Cantilever drilling platform - analysis using beam calculations


Schematic representation of the drilling at site - barge with drilling-rig, and the access platform (right-hand-side) to handle drill string. Barge deliberately grounded on ebbed tide.

The Analysis

Forewarning - the calculations are infeasible to carefully explain.

This is way more complicated than for, say, a Rectangular Hollow Section.

This would be interesting if you use Euler-Bernoulli beam theory and calculations, and you follow the progression of my logic and calculations.
I've tried to explain the jumps of logic as the calculation progresses.

The steel fabrication - drilling platform

All dimensions in mm, unless specified otherwise.

As fabricated at the Yard

Installed on the barge

Its purpose

The platform cantilevering off the end of the barge enables the crew to work on the drill-string and install more length of drill string as the drilling progresses.

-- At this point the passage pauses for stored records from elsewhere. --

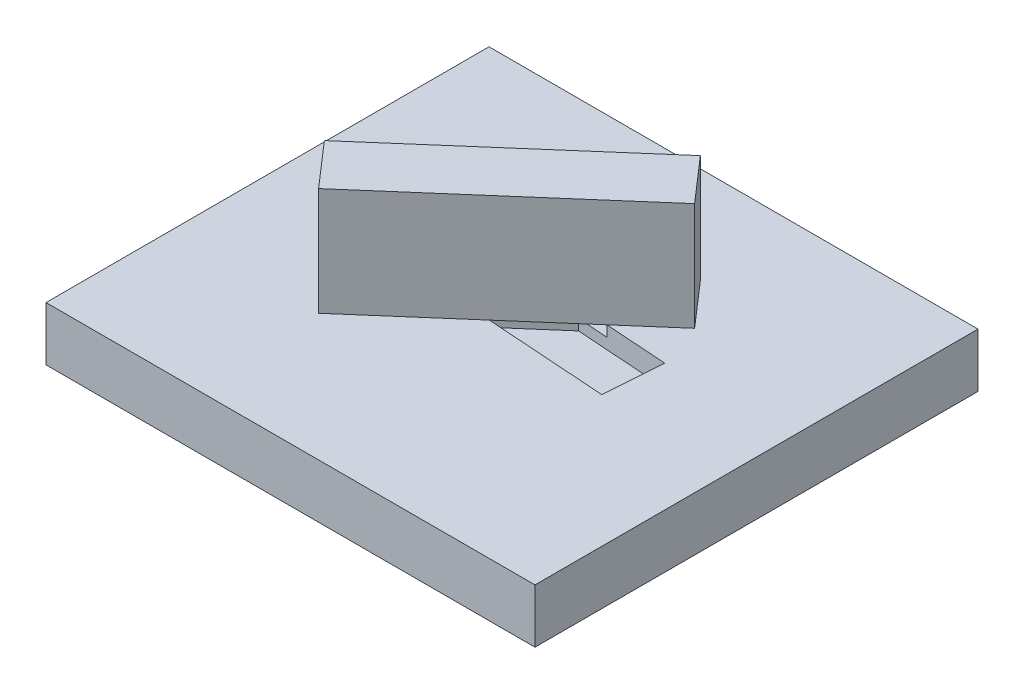
ISO-10303-21;
HEADER;
FILE_DESCRIPTION(('STEP AP214'),'2;1');
FILE_NAME('part.step','',(''),(''),'','','');
FILE_SCHEMA(('AUTOMOTIVE_DESIGN { 1 0 10303 214 1 1 1 1 }'));
ENDSEC;
DATA;
#1=APPLICATION_CONTEXT('core data for automotive mechanical design processes');
#2=APPLICATION_PROTOCOL_DEFINITION('international standard','automotive_design',2000,#1);
#3=PRODUCT_CONTEXT('',#1,'mechanical');
#4=PRODUCT('Part','Part','',(#3));
#5=PRODUCT_RELATED_PRODUCT_CATEGORY('part','',(#4));
#6=PRODUCT_DEFINITION_FORMATION('','',#4);
#7=PRODUCT_DEFINITION_CONTEXT('part definition',#1,'design');
#8=PRODUCT_DEFINITION('design','',#6,#7);
#9=PRODUCT_DEFINITION_SHAPE('','',#8);
#10=(LENGTH_UNIT() NAMED_UNIT(*) SI_UNIT(.MILLI.,.METRE.));
#11=(NAMED_UNIT(*) PLANE_ANGLE_UNIT() SI_UNIT($,.RADIAN.));
#12=(NAMED_UNIT(*) SI_UNIT($,.STERADIAN.) SOLID_ANGLE_UNIT());
#13=UNCERTAINTY_MEASURE_WITH_UNIT(LENGTH_MEASURE(1.E-05),#10,'distance_accuracy_value','');
#14=(GEOMETRIC_REPRESENTATION_CONTEXT(3) GLOBAL_UNCERTAINTY_ASSIGNED_CONTEXT((#13)) GLOBAL_UNIT_ASSIGNED_CONTEXT((#10,
#11,#12)) REPRESENTATION_CONTEXT('',''));
#15=CARTESIAN_POINT('',(0.,0.,0.));
#16=DIRECTION('',(0.,0.,1.));
#17=DIRECTION('',(1.,0.,0.));
#18=AXIS2_PLACEMENT_3D('',#15,#16,#17);
#19=CARTESIAN_POINT('',(-35.3882155607798,15.,-15.8790182203798));
#20=DIRECTION('',(0.754298418020969,0.,-0.656531717871318));
#21=DIRECTION('',(-0.656531717871318,0.,-0.754298418020969));
#22=AXIS2_PLACEMENT_3D('',#19,#20,#21);
#23=PLANE('',#22);
#24=DIRECTION('',(0.656531717871318,0.,0.754298418020969));
#25=VECTOR('',#24,1.);
#26=CARTESIAN_POINT('',(-35.3882155607798,5.,-15.8790182203798));
#27=LINE('',#26,#25);
#28=CARTESIAN_POINT('',(-35.3882155607798,5.,-15.8790182203798));
#29=VERTEX_POINT('',#28);
#30=CARTESIAN_POINT('',(-31.8054733547036,5.,-11.7627558911469));
#31=VERTEX_POINT('',#30);
#32=EDGE_CURVE('E108',#29,#31,#27,.T.);
#33=ORIENTED_EDGE('',*,*,#32,.T.);
#34=DIRECTION('',(0.,-1.,0.));
#35=VECTOR('',#34,1.);
#36=CARTESIAN_POINT('',(-31.8054733547036,15.,-11.7627558911469));
#37=LINE('',#36,#35);
#38=CARTESIAN_POINT('',(-31.8054733547036,15.,-11.7627558911469));
#39=VERTEX_POINT('',#38);
#40=EDGE_CURVE('E12',#39,#31,#37,.T.);
#41=ORIENTED_EDGE('',*,*,#40,.F.);
#42=DIRECTION('',(0.656531717871318,0.,0.754298418020969));
#43=VECTOR('',#42,1.);
#44=CARTESIAN_POINT('',(-35.3882155607798,15.,-15.8790182203798));
#45=LINE('',#44,#43);
#46=CARTESIAN_POINT('',(-35.3882155607798,15.,-15.8790182203798));
#47=VERTEX_POINT('',#46);
#48=EDGE_CURVE('E96',#47,#39,#45,.T.);
#49=ORIENTED_EDGE('',*,*,#48,.F.);
#50=DIRECTION('',(0.,-1.,0.));
#51=VECTOR('',#50,1.);
#52=CARTESIAN_POINT('',(-35.3882155607798,15.,-15.8790182203798));
#53=LINE('',#52,#51);
#54=EDGE_CURVE('E104',#47,#29,#53,.T.);
#55=ORIENTED_EDGE('',*,*,#54,.T.);
#56=EDGE_LOOP('',(#33,#41,#49,#55));
#57=FACE_BOUND('',#56,.T.);
#58=ADVANCED_FACE('F45',(#57),#23,.F.);
#59=CARTESIAN_POINT('',(-31.8054733547036,15.,-11.7627558911469));
#60=DIRECTION('',(-0.656531717871318,0.,-0.754298418020969));
#61=DIRECTION('',(-0.754298418020969,0.,0.656531717871318));
#62=AXIS2_PLACEMENT_3D('',#59,#60,#61);
#63=PLANE('',#62);
#64=DIRECTION('',(0.754298418020969,0.,-0.656531717871318));
#65=VECTOR('',#64,1.);
#66=CARTESIAN_POINT('',(-31.8054733547036,5.,-11.7627558911469));
#67=LINE('',#66,#65);
#68=CARTESIAN_POINT('',(-13.1872813990011,5.,-27.9677925932065));
#69=VERTEX_POINT('',#68);
#70=EDGE_CURVE('E100',#31,#69,#67,.T.);
#71=ORIENTED_EDGE('',*,*,#70,.T.);
#72=DIRECTION('',(0.,-1.,0.));
#73=VECTOR('',#72,1.);
#74=CARTESIAN_POINT('',(-13.1872813990011,15.,-27.9677925932065));
#75=LINE('',#74,#73);
#76=CARTESIAN_POINT('',(-13.1872813990011,15.,-27.9677925932065));
#77=VERTEX_POINT('',#76);
#78=EDGE_CURVE('E53',#77,#69,#75,.T.);
#79=ORIENTED_EDGE('',*,*,#78,.F.);
#80=DIRECTION('',(0.754298418020969,0.,-0.656531717871318));
#81=VECTOR('',#80,1.);
#82=CARTESIAN_POINT('',(-31.8054733547036,15.,-11.7627558911469));
#83=LINE('',#82,#81);
#84=EDGE_CURVE('E91',#39,#77,#83,.T.);
#85=ORIENTED_EDGE('',*,*,#84,.F.);
#86=ORIENTED_EDGE('',*,*,#40,.T.);
#87=EDGE_LOOP('',(#71,#79,#85,#86));
#88=FACE_BOUND('',#87,.T.);
#89=ADVANCED_FACE('F99',(#88),#63,.F.);
#90=CARTESIAN_POINT('',(-16.7700236050774,15.,-32.0840549224393));
#91=DIRECTION('',(-0.754298418020969,0.,0.656531717871318));
#92=DIRECTION('',(0.656531717871318,0.,0.754298418020969));
#93=AXIS2_PLACEMENT_3D('',#90,#91,#92);
#94=PLANE('',#93);
#95=DIRECTION('',(-0.656531717871318,0.,-0.754298418020969));
#96=VECTOR('',#95,1.);
#97=CARTESIAN_POINT('',(-16.7700236050774,5.,-32.0840549224393));
#98=LINE('',#97,#96);
#99=CARTESIAN_POINT('',(-16.7700236050774,5.,-32.0840549224393));
#100=VERTEX_POINT('',#99);
#101=EDGE_CURVE('E78',#69,#100,#98,.T.);
#102=ORIENTED_EDGE('',*,*,#101,.T.);
#103=DIRECTION('',(0.,-1.,0.));
#104=VECTOR('',#103,1.);
#105=CARTESIAN_POINT('',(-16.7700236050774,15.,-32.0840549224393));
#106=LINE('',#105,#104);
#107=CARTESIAN_POINT('',(-16.7700236050774,15.,-32.0840549224393));
#108=VERTEX_POINT('',#107);
#109=EDGE_CURVE('E101',#108,#100,#106,.T.);
#110=ORIENTED_EDGE('',*,*,#109,.F.);
#111=DIRECTION('',(-0.656531717871318,0.,-0.754298418020969));
#112=VECTOR('',#111,1.);
#113=CARTESIAN_POINT('',(-16.7700236050774,15.,-32.0840549224393));
#114=LINE('',#113,#112);
#115=EDGE_CURVE('E94',#77,#108,#114,.T.);
#116=ORIENTED_EDGE('',*,*,#115,.F.);
#117=ORIENTED_EDGE('',*,*,#78,.T.);
#118=EDGE_LOOP('',(#102,#110,#116,#117));
#119=FACE_BOUND('',#118,.T.);
#120=ADVANCED_FACE('F102',(#119),#94,.F.);
#121=CARTESIAN_POINT('',(-35.3882155607798,15.,-15.8790182203798));
#122=DIRECTION('',(0.656531717871318,0.,0.754298418020969));
#123=DIRECTION('',(0.754298418020969,0.,-0.656531717871319));
#124=AXIS2_PLACEMENT_3D('',#121,#122,#123);
#125=PLANE('',#124);
#126=DIRECTION('',(-0.754298418020969,0.,0.656531717871318));
#127=VECTOR('',#126,1.);
#128=CARTESIAN_POINT('',(-35.3882155607798,5.,-15.8790182203798));
#129=LINE('',#128,#127);
#130=EDGE_CURVE('E84',#100,#29,#129,.T.);
#131=ORIENTED_EDGE('',*,*,#130,.T.);
#132=ORIENTED_EDGE('',*,*,#54,.F.);
#133=DIRECTION('',(-0.754298418020969,0.,0.656531717871318));
#134=VECTOR('',#133,1.);
#135=CARTESIAN_POINT('',(-35.3882155607798,15.,-15.8790182203798));
#136=LINE('',#135,#134);
#137=EDGE_CURVE('E61',#108,#47,#136,.T.);
#138=ORIENTED_EDGE('',*,*,#137,.F.);
#139=ORIENTED_EDGE('',*,*,#109,.T.);
#140=EDGE_LOOP('',(#131,#132,#138,#139));
#141=FACE_BOUND('',#140,.T.);
#142=ADVANCED_FACE('F115',(#141),#125,.F.);
#143=CARTESIAN_POINT('',(0.,15.,0.));
#144=DIRECTION('',(0.,1.,0.));
#145=DIRECTION('',(0.,0.,1.));
#146=AXIS2_PLACEMENT_3D('',#143,#144,#145);
#147=PLANE('',#146);
#148=ORIENTED_EDGE('',*,*,#48,.T.);
#149=ORIENTED_EDGE('',*,*,#84,.T.);
#150=ORIENTED_EDGE('',*,*,#115,.T.);
#151=ORIENTED_EDGE('',*,*,#137,.T.);
#152=EDGE_LOOP('',(#148,#149,#150,#151));
#153=FACE_BOUND('',#152,.T.);
#154=ADVANCED_FACE('F92',(#153),#147,.T.);
#155=CARTESIAN_POINT('',(0.,5.,0.));
#156=DIRECTION('',(0.,1.,0.));
#157=DIRECTION('',(0.,0.,1.));
#158=AXIS2_PLACEMENT_3D('',#155,#156,#157);
#159=PLANE('',#158);
#160=ORIENTED_EDGE('',*,*,#32,.F.);
#161=ORIENTED_EDGE('',*,*,#130,.F.);
#162=ORIENTED_EDGE('',*,*,#101,.F.);
#163=ORIENTED_EDGE('',*,*,#70,.F.);
#164=EDGE_LOOP('',(#160,#161,#162,#163));
#165=FACE_BOUND('',#164,.T.);
#166=ADVANCED_FACE('F118',(#165),#159,.F.);
#167=CLOSED_SHELL('',(#58,#89,#120,#142,#154,#166));
#168=MANIFOLD_SOLID_BREP('B2',#167);
#169=CARTESIAN_POINT('',(-11.7872500680421,3.,-23.7922353424912));
#170=DIRECTION('',(0.0691314966500514,0.,-0.997607556191774));
#171=DIRECTION('',(-0.997607556191774,0.,-0.0691314966500514));
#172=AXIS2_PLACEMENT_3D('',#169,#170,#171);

The crew on the platform are facing the front of the drilling rig.
Which is a land-based machine on tracks, driven onto the barge.

Nautical explanation - barge grounded for drilling

You cannot drill off a floating barge. Reason why a much more expensive jack-up is needed for drilling, in general.

The drilling is to install navigation markers in the inter-tidal range - the "drying zone". So the barge is towed to position at high water and is left riding on anchors. Until it grounds on the receding tide. Whereupon drilling can commence. Economical !! :-)

The calculations for strength and structural optimisation

The main point of these calculations is showing that if you keep going on a tenuous basis, the outcome can never-the-less be solidly very good.
Which you can verify empirically at the end easily with a test load in safe conditions eg the platform is only 150mm off the ground when tested.
The assurance that the outcome is good is very high indeed despite the tenuous journey the calculations took

The corollary is - there is no overarching logic to explain, in this case.
Above and beyond that Euler-Bernoulli beam theory was used as a tool as and when it could help.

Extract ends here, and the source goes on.